Ich wüsste auch gar nicht, wohin mit mir, im Kino fahren sie durch die Wüste oder zumindest durch eine Steppe. Wo Wien ausfranst, gibt es nur das Marchfeld mit seinem Spargel oder hässliche Wassertürme in einer Mondlandschaft. Landstriche, in denen ich weder leben noch sterben möchte.

Was ich jetzt brauche, ist eine Überdosis fremdes Unglück. Weshalb gibt es das nicht auf Rezept? Herr Doktor, bitte schreiben Sie auf: ein Nervenzusammenbruch wegen Insolvenz, ein Ehefiasko auf offener Straße, vererbte Adipositas; dicke Mutter mit zwei dicken Töchtern, Beine wie antike Säulen, keiner, der freiwillig dazwischen fasst, nicht einmal sie selbst.

Das Rigoletto ist ein guter Ort für Beobachtungen. Ich trete ein, zwänge mich zwischen zwei Miniaturtischen hindurch. Ein Café für Hobbits, man sitzt quasi aufeinander, auf Sesselchen und Bänken, die mit einer quietschrosa Couverture bezogen sind.

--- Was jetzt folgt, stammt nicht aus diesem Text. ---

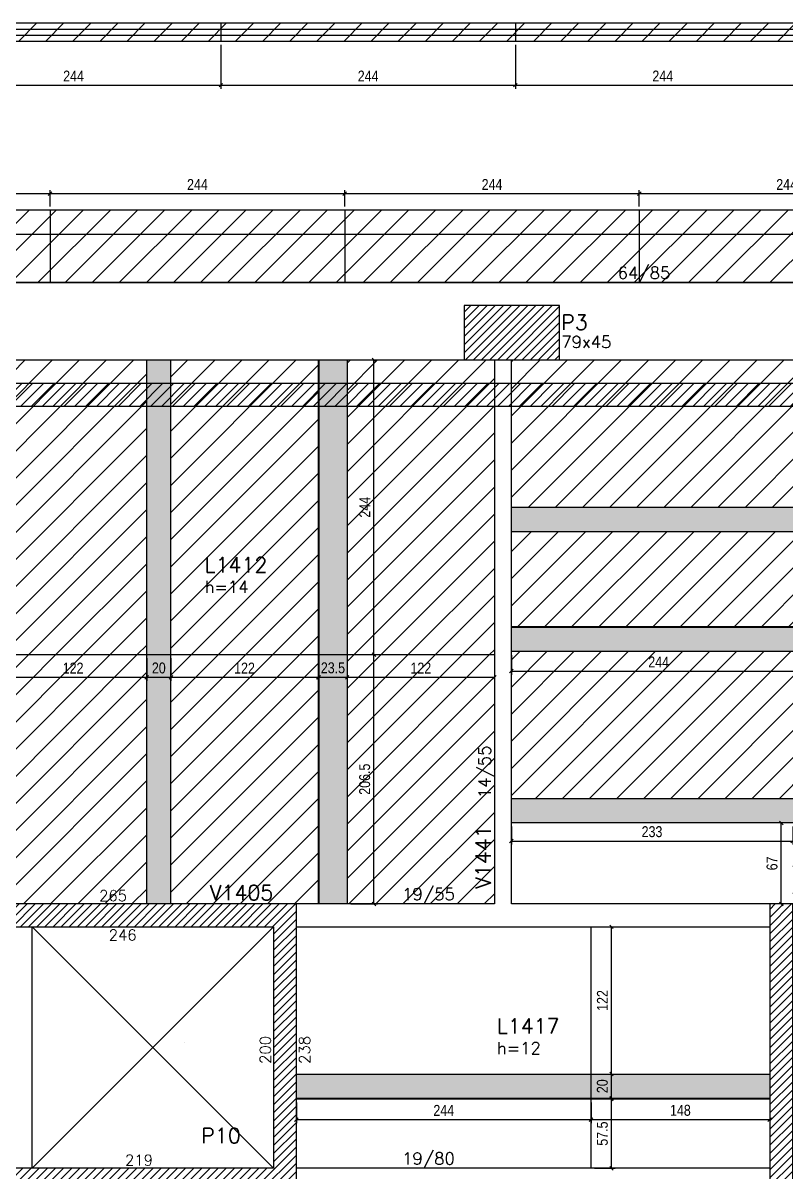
# Model space of a CAD drawing. Extents: x 1860 to 8661, y -614 to 3008.
# Drawn here: x 4192 to 4824, y 1142 to 2093 of the extents above; entities that cross this region are included whole.
import ezdxf

# ---------------------------------------------------------------- set-up
doc = ezdxf.new("R2010")
doc.units = 0
for name, color, linetype in [('242', 12, 'Continuous'), ('COTA', 241, 'Continuous'), ('F-LAJES', 3, 'Continuous'), ('F-LAJES-DIM', 2, 'Continuous'), ('F-LAJES-NOME', 4, 'Continuous'), ('F-MURETA', 91, 'Continuous'), ('F-PILARES-DIM', 172, 'Continuous'), ('F-PILARES-HACH', 174, 'Continuous'), ('F-PILARES-NOME', 170, 'Continuous'), ('F-PILARES-S', 170, 'Continuous'), ('F-VIGAS', 3, 'Continuous'), ('F-VIGAS-DIM', 2, 'Continuous'), ('F-VIGAS-NOME', 4, 'Continuous'), ('F-VÃO', 1, 'Continuous'), ('Painéis', 200, 'Continuous'), ('SARR_2.2x7', 40, 'Continuous')]:
    doc.layers.add(name, color=color, linetype=linetype)
doc.layers.add('Hachura', color=251, linetype='Continuous', lineweight=9)
doc.styles.add('COTA TECNICA-50', font='techl___.ttf', dxfattribs={"height": 9})
doc.styles.add('MCP', font='romans.shx')
doc.dimstyles.new('COTA PAINEL-50', dxfattribs={"dimtxt": 9, "dimasz": 3, "dimexe": 3, "dimexo": 3, "dimgap": 3, "dimtad": 1, "dimdec": 1, "dimzin": 12, "dimdsep": 46, "dimtxsty": 'COTA TECNICA-50', "dimblk1": 'OBLIQUE', "dimblk2": 'OBLIQUE', "dimsah": 1, "dimcen": 0.9, "dimclrd": 4, "dimclre": 4, "dimclrt": 240, "dimadec": 1, "dimazin": 3, "dimtfac": 1, "dimtdec": 1, "dimtmove": 0, "dimatfit": 3, "dimfxl": 1, "dimtolj": 1, "dimtzin": 12, "dimarcsym": 0})
pattern_1 = [(45, (4214.506, 480.1385), (-3.367596, 3.367596), [])]

# ---------------------------------------------------------------- blocks, each defined once
blk = doc.blocks.new('_Oblique')
at = {"color": 0, "linetype": 'ByBlock', "lineweight": -2}
blk.add_line((-0.5, -0.5), (0.5, 0.5), dxfattribs=at)
blk = doc.blocks.new('*D60')
at = {"layer": 'COTA', "color": 4, "lineweight": -2, "transparency": 16777216}
for p, q in [((4172.51, 1567.14), (4172.51, 1548.37)), ((4294.51, 1567.14), (4294.51, 1548.37)), ((4172.51, 1551.37), (4294.51, 1551.37))]:
    blk.add_line(p, q, dxfattribs=at)
at = {"layer": 'Defpoints', "color": 0, "transparency": 16777216}
for p in [(4172.51, 1570.14), (4294.51, 1570.14), (4294.51, 1551.37)]:
    blk.add_point(p, dxfattribs=at)
at = {"layer": 'COTA', "color": 4, "lineweight": -2, "transparency": 16777216, "xscale": 3, "yscale": 3, "zscale": 3, "rotation": 180}
blk.add_blockref('_Oblique', (4172.51, 1551.37), dxfattribs=at)
at = {"layer": 'COTA', "color": 4, "lineweight": -2, "transparency": 16777216, "xscale": 3, "yscale": 3, "zscale": 3}
blk.add_blockref('_Oblique', (4294.51, 1551.37), dxfattribs=at)
at = {"layer": 'COTA', "color": 240, "transparency": 16777216, "insert": (4233.51, 1558.92), "char_height": 9, "attachment_point": 5, "style": 'COTA TECNICA-50'}
blk.add_mtext('\\A1;122', dxfattribs=at)
blk = doc.blocks.new('*D61')
at = {"layer": 'COTA', "color": 4, "lineweight": -2, "transparency": 16777216}
for p, q in [((4294.51, 1567.14), (4294.51, 1548.37)), ((4314.51, 1567.14), (4314.51, 1548.37)), ((4294.51, 1551.37), (4314.51, 1551.37))]:
    blk.add_line(p, q, dxfattribs=at)
at = {"layer": 'Defpoints', "color": 0, "transparency": 16777216}
for p in [(4294.51, 1570.14), (4314.51, 1570.14), (4314.51, 1551.37)]:
    blk.add_point(p, dxfattribs=at)
at = {"layer": 'COTA', "color": 4, "lineweight": -2, "transparency": 16777216, "xscale": 3, "yscale": 3, "zscale": 3, "rotation": 180}
blk.add_blockref('_Oblique', (4294.51, 1551.37), dxfattribs=at)
at = {"layer": 'COTA', "color": 4, "lineweight": -2, "transparency": 16777216, "xscale": 3, "yscale": 3, "zscale": 3}
blk.add_blockref('_Oblique', (4314.51, 1551.37), dxfattribs=at)
at = {"layer": 'COTA', "color": 240, "transparency": 16777216, "insert": (4304.51, 1558.96), "char_height": 9, "attachment_point": 5, "style": 'COTA TECNICA-50'}
blk.add_mtext('\\A1;20', dxfattribs=at)
blk = doc.blocks.new('*D62')
at = {"layer": 'COTA', "color": 4, "lineweight": -2, "transparency": 16777216}
for p, q in [((4314.51, 1567.14), (4314.51, 1548.37)), ((4436.51, 1567.14), (4436.51, 1548.37)), ((4314.51, 1551.37), (4436.51, 1551.37))]:
    blk.add_line(p, q, dxfattribs=at)
at = {"layer": 'Defpoints', "color": 0, "transparency": 16777216}
for p in [(4314.51, 1570.14), (4436.51, 1570.14), (4436.51, 1551.37)]:
    blk.add_point(p, dxfattribs=at)
at = {"layer": 'COTA', "color": 4, "lineweight": -2, "transparency": 16777216, "xscale": 3, "yscale": 3, "zscale": 3, "rotation": 180}
blk.add_blockref('_Oblique', (4314.51, 1551.37), dxfattribs=at)
at = {"layer": 'COTA', "color": 4, "lineweight": -2, "transparency": 16777216, "xscale": 3, "yscale": 3, "zscale": 3}
blk.add_blockref('_Oblique', (4436.51, 1551.37), dxfattribs=at)
at = {"layer": 'COTA', "color": 240, "transparency": 16777216, "insert": (4375.51, 1558.92), "char_height": 9, "attachment_point": 5, "style": 'COTA TECNICA-50'}
blk.add_mtext('\\A1;122', dxfattribs=at)
blk = doc.blocks.new('*D63')
at = {"layer": 'COTA', "color": 4, "lineweight": -2, "transparency": 16777216}
for p, q in [((4437.01, 1567.14), (4437.01, 1548.37)), ((4460.51, 1567.14), (4460.51, 1548.37)), ((4437.01, 1551.37), (4460.51, 1551.37))]:
    blk.add_line(p, q, dxfattribs=at)
at = {"layer": 'Defpoints', "color": 0, "transparency": 16777216}
for p in [(4437.01, 1570.14), (4460.51, 1570.14), (4460.51, 1551.37)]:
    blk.add_point(p, dxfattribs=at)
at = {"layer": 'COTA', "color": 4, "lineweight": -2, "transparency": 16777216, "xscale": 3, "yscale": 3, "zscale": 3, "rotation": 180}
blk.add_blockref('_Oblique', (4437.01, 1551.37), dxfattribs=at)
at = {"layer": 'COTA', "color": 4, "lineweight": -2, "transparency": 16777216, "xscale": 3, "yscale": 3, "zscale": 3}
blk.add_blockref('_Oblique', (4460.51, 1551.37), dxfattribs=at)
at = {"layer": 'COTA', "color": 240, "transparency": 16777216, "insert": (4448.76, 1559.07), "char_height": 9, "attachment_point": 5, "style": 'COTA TECNICA-50'}
blk.add_mtext('\\A1;23.5', dxfattribs=at)
blk = doc.blocks.new('*D64')
at = {"layer": 'COTA', "color": 4, "lineweight": -2, "transparency": 16777216}
for p, q in [((4460.51, 1567.14), (4460.51, 1548.37)), ((4582.51, 1567.14), (4582.51, 1548.37)), ((4460.51, 1551.37), (4582.51, 1551.37))]:
    blk.add_line(p, q, dxfattribs=at)
at = {"layer": 'Defpoints', "color": 0, "transparency": 16777216}
for p in [(4460.51, 1570.14), (4582.51, 1570.14), (4582.51, 1551.37)]:
    blk.add_point(p, dxfattribs=at)
at = {"layer": 'COTA', "color": 4, "lineweight": -2, "transparency": 16777216, "xscale": 3, "yscale": 3, "zscale": 3, "rotation": 180}
blk.add_blockref('_Oblique', (4460.51, 1551.37), dxfattribs=at)
at = {"layer": 'COTA', "color": 4, "lineweight": -2, "transparency": 16777216, "xscale": 3, "yscale": 3, "zscale": 3}
blk.add_blockref('_Oblique', (4582.51, 1551.37), dxfattribs=at)
at = {"layer": 'COTA', "color": 240, "transparency": 16777216, "insert": (4521.51, 1558.92), "char_height": 9, "attachment_point": 5, "style": 'COTA TECNICA-50'}
blk.add_mtext('\\A1;122', dxfattribs=at)
blk = doc.blocks.new('*D65')
at = {"layer": 'COTA', "color": 4, "lineweight": -2, "transparency": 16777216}
for p, q in [((4596.51, 1569.64), (4596.51, 1553.39)), ((4840.51, 1569.64), (4840.51, 1553.39)), ((4596.51, 1556.39), (4840.51, 1556.39))]:
    blk.add_line(p, q, dxfattribs=at)
at = {"layer": 'Defpoints', "color": 0, "transparency": 16777216}
for p in [(4596.51, 1572.64), (4840.51, 1572.64), (4840.51, 1556.39)]:
    blk.add_point(p, dxfattribs=at)
at = {"layer": 'COTA', "color": 4, "lineweight": -2, "transparency": 16777216, "xscale": 3, "yscale": 3, "zscale": 3, "rotation": 180}
blk.add_blockref('_Oblique', (4596.51, 1556.39), dxfattribs=at)
at = {"layer": 'COTA', "color": 4, "lineweight": -2, "transparency": 16777216, "xscale": 3, "yscale": 3, "zscale": 3}
blk.add_blockref('_Oblique', (4840.51, 1556.39), dxfattribs=at)
at = {"layer": 'COTA', "color": 240, "transparency": 16777216, "insert": (4718.51, 1563.95), "char_height": 9, "attachment_point": 5, "style": 'COTA TECNICA-50'}
blk.add_mtext('\\A1;244', dxfattribs=at)
blk = doc.blocks.new('*D75')
at = {"layer": 'COTA', "color": 4, "lineweight": -2, "transparency": 16777216}
for p, q in [((4596.51, 1427.64), (4596.51, 1412.69)), ((4829.51, 1427.64), (4829.51, 1412.69)), ((4596.51, 1415.69), (4829.51, 1415.69))]:
    blk.add_line(p, q, dxfattribs=at)
at = {"layer": 'Defpoints', "color": 0, "transparency": 16777216}
for p in [(4596.51, 1430.64), (4829.51, 1430.64), (4829.51, 1415.69)]:
    blk.add_point(p, dxfattribs=at)
at = {"layer": 'COTA', "color": 4, "lineweight": -2, "transparency": 16777216, "xscale": 3, "yscale": 3, "zscale": 3, "rotation": 180}
blk.add_blockref('_Oblique', (4596.51, 1415.69), dxfattribs=at)
at = {"layer": 'COTA', "color": 4, "lineweight": -2, "transparency": 16777216, "xscale": 3, "yscale": 3, "zscale": 3}
blk.add_blockref('_Oblique', (4829.51, 1415.69), dxfattribs=at)
at = {"layer": 'COTA', "color": 240, "transparency": 16777216, "insert": (4713.01, 1423.39), "char_height": 9, "attachment_point": 5, "style": 'COTA TECNICA-50'}
blk.add_mtext('\\A1;233', dxfattribs=at)
blk = doc.blocks.new('*D76')
at = {"layer": 'COTA', "color": 4, "lineweight": -2, "transparency": 16777216}
for p, q in [((4826.51, 1430.64), (4817.04, 1430.64)), ((4820.04, 1363.64), (4820.04, 1430.64)), ((4826.51, 1363.64), (4817.04, 1363.64))]:
    blk.add_line(p, q, dxfattribs=at)
at = {"layer": 'Defpoints', "color": 0, "transparency": 16777216}
for p in [(4820.04, 1430.64), (4829.51, 1430.64), (4829.51, 1363.64)]:
    blk.add_point(p, dxfattribs=at)
at = {"layer": 'COTA', "color": 4, "lineweight": -2, "transparency": 16777216, "xscale": 3, "yscale": 3, "zscale": 3}
for p, rotation in [((4820.04, 1430.64), 90), ((4820.04, 1363.64), 270)]:
    blk.add_blockref('_Oblique', p, dxfattribs=dict(at, rotation=rotation))
at = {"layer": 'COTA', "color": 240, "transparency": 16777216, "insert": (4812.45, 1397.14), "char_height": 9, "attachment_point": 5, "rotation": 90, "style": 'COTA TECNICA-50'}
blk.add_mtext('\\A1;67', dxfattribs=at)
blk = doc.blocks.new('*D111')
at = {"layer": 'COTA', "color": 4, "lineweight": -2, "transparency": 16777216}
for p, q in [((4418.51, 1199.14), (4418.51, 1182.04)), ((4662.51, 1199.14), (4662.51, 1182.04)), ((4418.51, 1185.04), (4662.51, 1185.04))]:
    blk.add_line(p, q, dxfattribs=at)
at = {"layer": 'Defpoints', "color": 0, "transparency": 16777216}
for p in [(4418.51, 1202.14), (4662.51, 1202.14), (4662.51, 1185.04)]:
    blk.add_point(p, dxfattribs=at)
at = {"layer": 'COTA', "color": 4, "lineweight": -2, "transparency": 16777216, "xscale": 3, "yscale": 3, "zscale": 3, "rotation": 180}
blk.add_blockref('_Oblique', (4418.51, 1185.04), dxfattribs=at)
at = {"layer": 'COTA', "color": 4, "lineweight": -2, "transparency": 16777216, "xscale": 3, "yscale": 3, "zscale": 3}
blk.add_blockref('_Oblique', (4662.51, 1185.04), dxfattribs=at)
at = {"layer": 'COTA', "color": 240, "transparency": 16777216, "insert": (4540.51, 1192.61), "char_height": 9, "attachment_point": 5, "style": 'COTA TECNICA-50'}
blk.add_mtext('\\A1;244', dxfattribs=at)
blk = doc.blocks.new('*D112')
at = {"layer": 'COTA', "color": 4, "lineweight": -2, "transparency": 16777216}
for p, q in [((4662.51, 1199.14), (4662.51, 1182.04)), ((4810.51, 1199.14), (4810.51, 1182.04)), ((4662.51, 1185.04), (4810.51, 1185.04))]:
    blk.add_line(p, q, dxfattribs=at)
at = {"layer": 'Defpoints', "color": 0, "transparency": 16777216}
for p in [(4662.51, 1202.14), (4810.51, 1202.14), (4810.51, 1185.04)]:
    blk.add_point(p, dxfattribs=at)
at = {"layer": 'COTA', "color": 4, "lineweight": -2, "transparency": 16777216, "xscale": 3, "yscale": 3, "zscale": 3, "rotation": 180}
blk.add_blockref('_Oblique', (4662.51, 1185.04), dxfattribs=at)
at = {"layer": 'COTA', "color": 4, "lineweight": -2, "transparency": 16777216, "xscale": 3, "yscale": 3, "zscale": 3}
blk.add_blockref('_Oblique', (4810.51, 1185.04), dxfattribs=at)
at = {"layer": 'COTA', "color": 240, "transparency": 16777216, "insert": (4736.51, 1192.63), "char_height": 9, "attachment_point": 5, "style": 'COTA TECNICA-50'}
blk.add_mtext('\\A1;148', dxfattribs=at)
blk = doc.blocks.new('*D113')
at = {"layer": 'COTA', "color": 4, "lineweight": -2, "transparency": 16777216}
for p, q in [((4665.51, 1202.14), (4682.47, 1202.14)), ((4679.47, 1144.64), (4679.47, 1202.14)), ((4665.51, 1144.64), (4682.47, 1144.64))]:
    blk.add_line(p, q, dxfattribs=at)
at = {"layer": 'Defpoints', "color": 0, "transparency": 16777216}
for p in [(4662.51, 1202.14), (4679.47, 1202.14), (4662.51, 1144.64)]:
    blk.add_point(p, dxfattribs=at)
at = {"layer": 'COTA', "color": 4, "lineweight": -2, "transparency": 16777216, "xscale": 3, "yscale": 3, "zscale": 3}
for p, rotation in [((4679.47, 1202.14), 90), ((4679.47, 1144.64), 270)]:
    blk.add_blockref('_Oblique', p, dxfattribs=dict(at, rotation=rotation))
at = {"layer": 'COTA', "color": 240, "transparency": 16777216, "insert": (4671.88, 1173.39), "char_height": 9, "attachment_point": 5, "rotation": 90, "style": 'COTA TECNICA-50'}
blk.add_mtext('\\A1;57.5', dxfattribs=at)
blk = doc.blocks.new('*D114')
at = {"layer": 'COTA', "color": 4, "lineweight": -2, "transparency": 16777216}
for p, q in [((4665.51, 1222.64), (4682.47, 1222.64)), ((4679.47, 1202.64), (4679.47, 1222.64)), ((4665.51, 1202.64), (4682.47, 1202.64))]:
    blk.add_line(p, q, dxfattribs=at)
at = {"layer": 'Defpoints', "color": 0, "transparency": 16777216}
for p in [(4662.51, 1222.64), (4679.47, 1222.64), (4662.51, 1202.64)]:
    blk.add_point(p, dxfattribs=at)
at = {"layer": 'COTA', "color": 4, "lineweight": -2, "transparency": 16777216, "xscale": 3, "yscale": 3, "zscale": 3}
for p, rotation in [((4679.47, 1222.64), 90), ((4679.47, 1202.64), 270)]:
    blk.add_blockref('_Oblique', p, dxfattribs=dict(at, rotation=rotation))
at = {"layer": 'COTA', "color": 240, "transparency": 16777216, "insert": (4671.88, 1212.64), "char_height": 9, "attachment_point": 5, "rotation": 90, "style": 'COTA TECNICA-50'}
blk.add_mtext('\\A1;20', dxfattribs=at)
blk = doc.blocks.new('*D115')
at = {"layer": 'COTA', "color": 4, "lineweight": -2, "transparency": 16777216}
for p, q in [((4665.51, 1344.64), (4682.47, 1344.64)), ((4679.47, 1222.64), (4679.47, 1344.64)), ((4665.51, 1222.64), (4682.47, 1222.64))]:
    blk.add_line(p, q, dxfattribs=at)
at = {"layer": 'Defpoints', "color": 0, "transparency": 16777216}
for p in [(4662.51, 1344.64), (4679.47, 1344.64), (4662.51, 1222.64)]:
    blk.add_point(p, dxfattribs=at)
at = {"layer": 'COTA', "color": 4, "lineweight": -2, "transparency": 16777216, "xscale": 3, "yscale": 3, "zscale": 3}
for p, rotation in [((4679.47, 1344.64), 90), ((4679.47, 1222.64), 270)]:
    blk.add_blockref('_Oblique', p, dxfattribs=dict(at, rotation=rotation))
at = {"layer": 'COTA', "color": 240, "transparency": 16777216, "insert": (4671.92, 1283.64), "char_height": 9, "attachment_point": 5, "rotation": 90, "style": 'COTA TECNICA-50'}
blk.add_mtext('\\A1;122', dxfattribs=at)
blk = doc.blocks.new('*D331')
at = {"layer": 'COTA', "color": 4, "lineweight": -2, "transparency": 16777216}
for p, q in [((3970.51, 1941.14), (3970.51, 1954.81)), ((3970.51, 1951.81), (4214.51, 1951.81)), ((4214.51, 1941.14), (4214.51, 1954.81))]:
    blk.add_line(p, q, dxfattribs=at)
at = {"layer": 'Defpoints', "color": 0, "transparency": 16777216}
for p in [(4214.51, 1951.81), (3970.51, 1938.14), (4214.51, 1938.14)]:
    blk.add_point(p, dxfattribs=at)
at = {"layer": 'COTA', "color": 4, "lineweight": -2, "transparency": 16777216, "xscale": 3, "yscale": 3, "zscale": 3, "rotation": 180}
blk.add_blockref('_Oblique', (3970.51, 1951.81), dxfattribs=at)
at = {"layer": 'COTA', "color": 4, "lineweight": -2, "transparency": 16777216, "xscale": 3, "yscale": 3, "zscale": 3}
blk.add_blockref('_Oblique', (4214.51, 1951.81), dxfattribs=at)
at = {"layer": 'COTA', "color": 240, "transparency": 16777216, "insert": (4092.51, 1959.38), "char_height": 9, "attachment_point": 5, "style": 'COTA TECNICA-50'}
blk.add_mtext('\\A1;244', dxfattribs=at)
blk = doc.blocks.new('*D332')
at = {"layer": 'COTA', "color": 4, "lineweight": -2, "transparency": 16777216}
for p, q in [((4214.51, 1941.14), (4214.51, 1954.81)), ((4214.51, 1951.81), (4458.51, 1951.81)), ((4458.51, 1941.14), (4458.51, 1954.81))]:
    blk.add_line(p, q, dxfattribs=at)
at = {"layer": 'Defpoints', "color": 0, "transparency": 16777216}
for p in [(4458.51, 1951.81), (4214.51, 1938.14), (4458.51, 1938.14)]:
    blk.add_point(p, dxfattribs=at)
at = {"layer": 'COTA', "color": 4, "lineweight": -2, "transparency": 16777216, "xscale": 3, "yscale": 3, "zscale": 3, "rotation": 180}
blk.add_blockref('_Oblique', (4214.51, 1951.81), dxfattribs=at)
at = {"layer": 'COTA', "color": 4, "lineweight": -2, "transparency": 16777216, "xscale": 3, "yscale": 3, "zscale": 3}
blk.add_blockref('_Oblique', (4458.51, 1951.81), dxfattribs=at)
at = {"layer": 'COTA', "color": 240, "transparency": 16777216, "insert": (4336.51, 1959.38), "char_height": 9, "attachment_point": 5, "style": 'COTA TECNICA-50'}
blk.add_mtext('\\A1;244', dxfattribs=at)
blk = doc.blocks.new('*D333')
at = {"layer": 'COTA', "color": 4, "lineweight": -2, "transparency": 16777216}
for p, q in [((4458.51, 1941.14), (4458.51, 1954.81)), ((4458.51, 1951.81), (4702.51, 1951.81)), ((4702.51, 1941.14), (4702.51, 1954.81))]:
    blk.add_line(p, q, dxfattribs=at)
at = {"layer": 'Defpoints', "color": 0, "transparency": 16777216}
for p in [(4702.51, 1951.81), (4458.51, 1938.14), (4702.51, 1938.14)]:
    blk.add_point(p, dxfattribs=at)
at = {"layer": 'COTA', "color": 4, "lineweight": -2, "transparency": 16777216, "xscale": 3, "yscale": 3, "zscale": 3, "rotation": 180}
blk.add_blockref('_Oblique', (4458.51, 1951.81), dxfattribs=at)
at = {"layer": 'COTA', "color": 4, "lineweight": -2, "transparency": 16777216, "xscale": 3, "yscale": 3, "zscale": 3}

Ich studiere die rosa Karte, es gibt Malakofftorte und Sachertorte, ich brauche etwas stark Gezuckertes, um den Geschmack der Enttäuschung zu übertünchen. In der Schule mussten wir einen Aufsatz schreiben über Wiener Mehlspeisen, Frau Professor Pollak war ein Feinspitz, sie hielt viel auf Tradition, und ich löschte mit dem Tintentod alle »r« heraus, bis nur noch Malakofftote und Topfentote übrig blieben. Der Aufsatz war gepflastert mit Mehlspeiseleichen.

Eine Rigoletto-Stewardess im rosa Outfit putzt die Tischchen mit Clin streifenfrei. Ich sehe ihr dabei zu, für ein Tischchen benötigt sie keine zwei Sekunden, der scharfe Putzmittelgeruch steigt mir in die Nase. Ich bestelle Apfelstrudel mit Vanillesauce. Für einen Kaffee reicht das Geld nicht, ein Glas Leitungswasser muss genügen, die Kellnerin schreibt es gelassen auf ihren Block.

Das Café ist mit Spiegeln ausstaffiert, überall begegnet man seinem eigenen Antlitz. Alle Frauen hier tragen Hüte, die mit ihren bläulichen Dauerwellen verwachsen zu sein scheinen. Sie nehmen die Hüte nie ab, wahrscheinlich nicht einmal im Bett, aus Angst, ihre Frisur könnte zerstört werden. Wenn man sich unbedacht umdreht, stechen einem die Hutspitzen ins Auge. Ich verstehe jedes einzelne Wort, das sie sprechen, so nah ist man sich hier. Sie berichten über die neuen Methoden der Varizen-Operation. Mit Hitze funktioniert das, die Krampfadern werden gewissermaßen verschmolzen, eingeschmolzen, man braucht sie nicht herauszuziehen, sie verkümmern im Körper, wie praktisch.

Nach der Gefäß-Konferenz beschwert sich jene mit der Taubenfeder an ihrem Hut über ihren Schwiegersohn. »Der Markus«, sagt sie immer. Der Markus wolle Malerei studieren, jetzt, mit 35, was für eine Schnapsidee, und die anderen Gefiederten schütteln den Kopf, was für eine Schnapsidee! Was er denn male, fragt eine, und die Taubenfederfrau sagt: Berge, der Markus male Berge, nur Berge, Felsen, Bergspitzen. Dabei gebe es doch in Österreich schon einen Bergmaler, den Brandl, da würde der Markus doch immer am Brandl gemessen werden und hätte zwangsläufig keine Chance, weil der Brandl sich doch bereits international einen Namen gemacht habe, der Markus aber bis jetzt lediglich als Installateur bekannt sei, und das nur in Simmering. Auch kenne der Markus die wenigsten Berge persönlich, die meisten habe er im GEO gesehen. Die Luise rede ihm ohnehin Tag und Nacht zu, er solle den Betrieb ja nicht aufgeben, die Kinder seien doch noch klein, der Markus aber sagte, sie solle sich nicht anstellen, mit der Malerei sei eine Menge zu verdienen, er tue gerade so, als hänge er bereits im Kunsthistorischen Museum.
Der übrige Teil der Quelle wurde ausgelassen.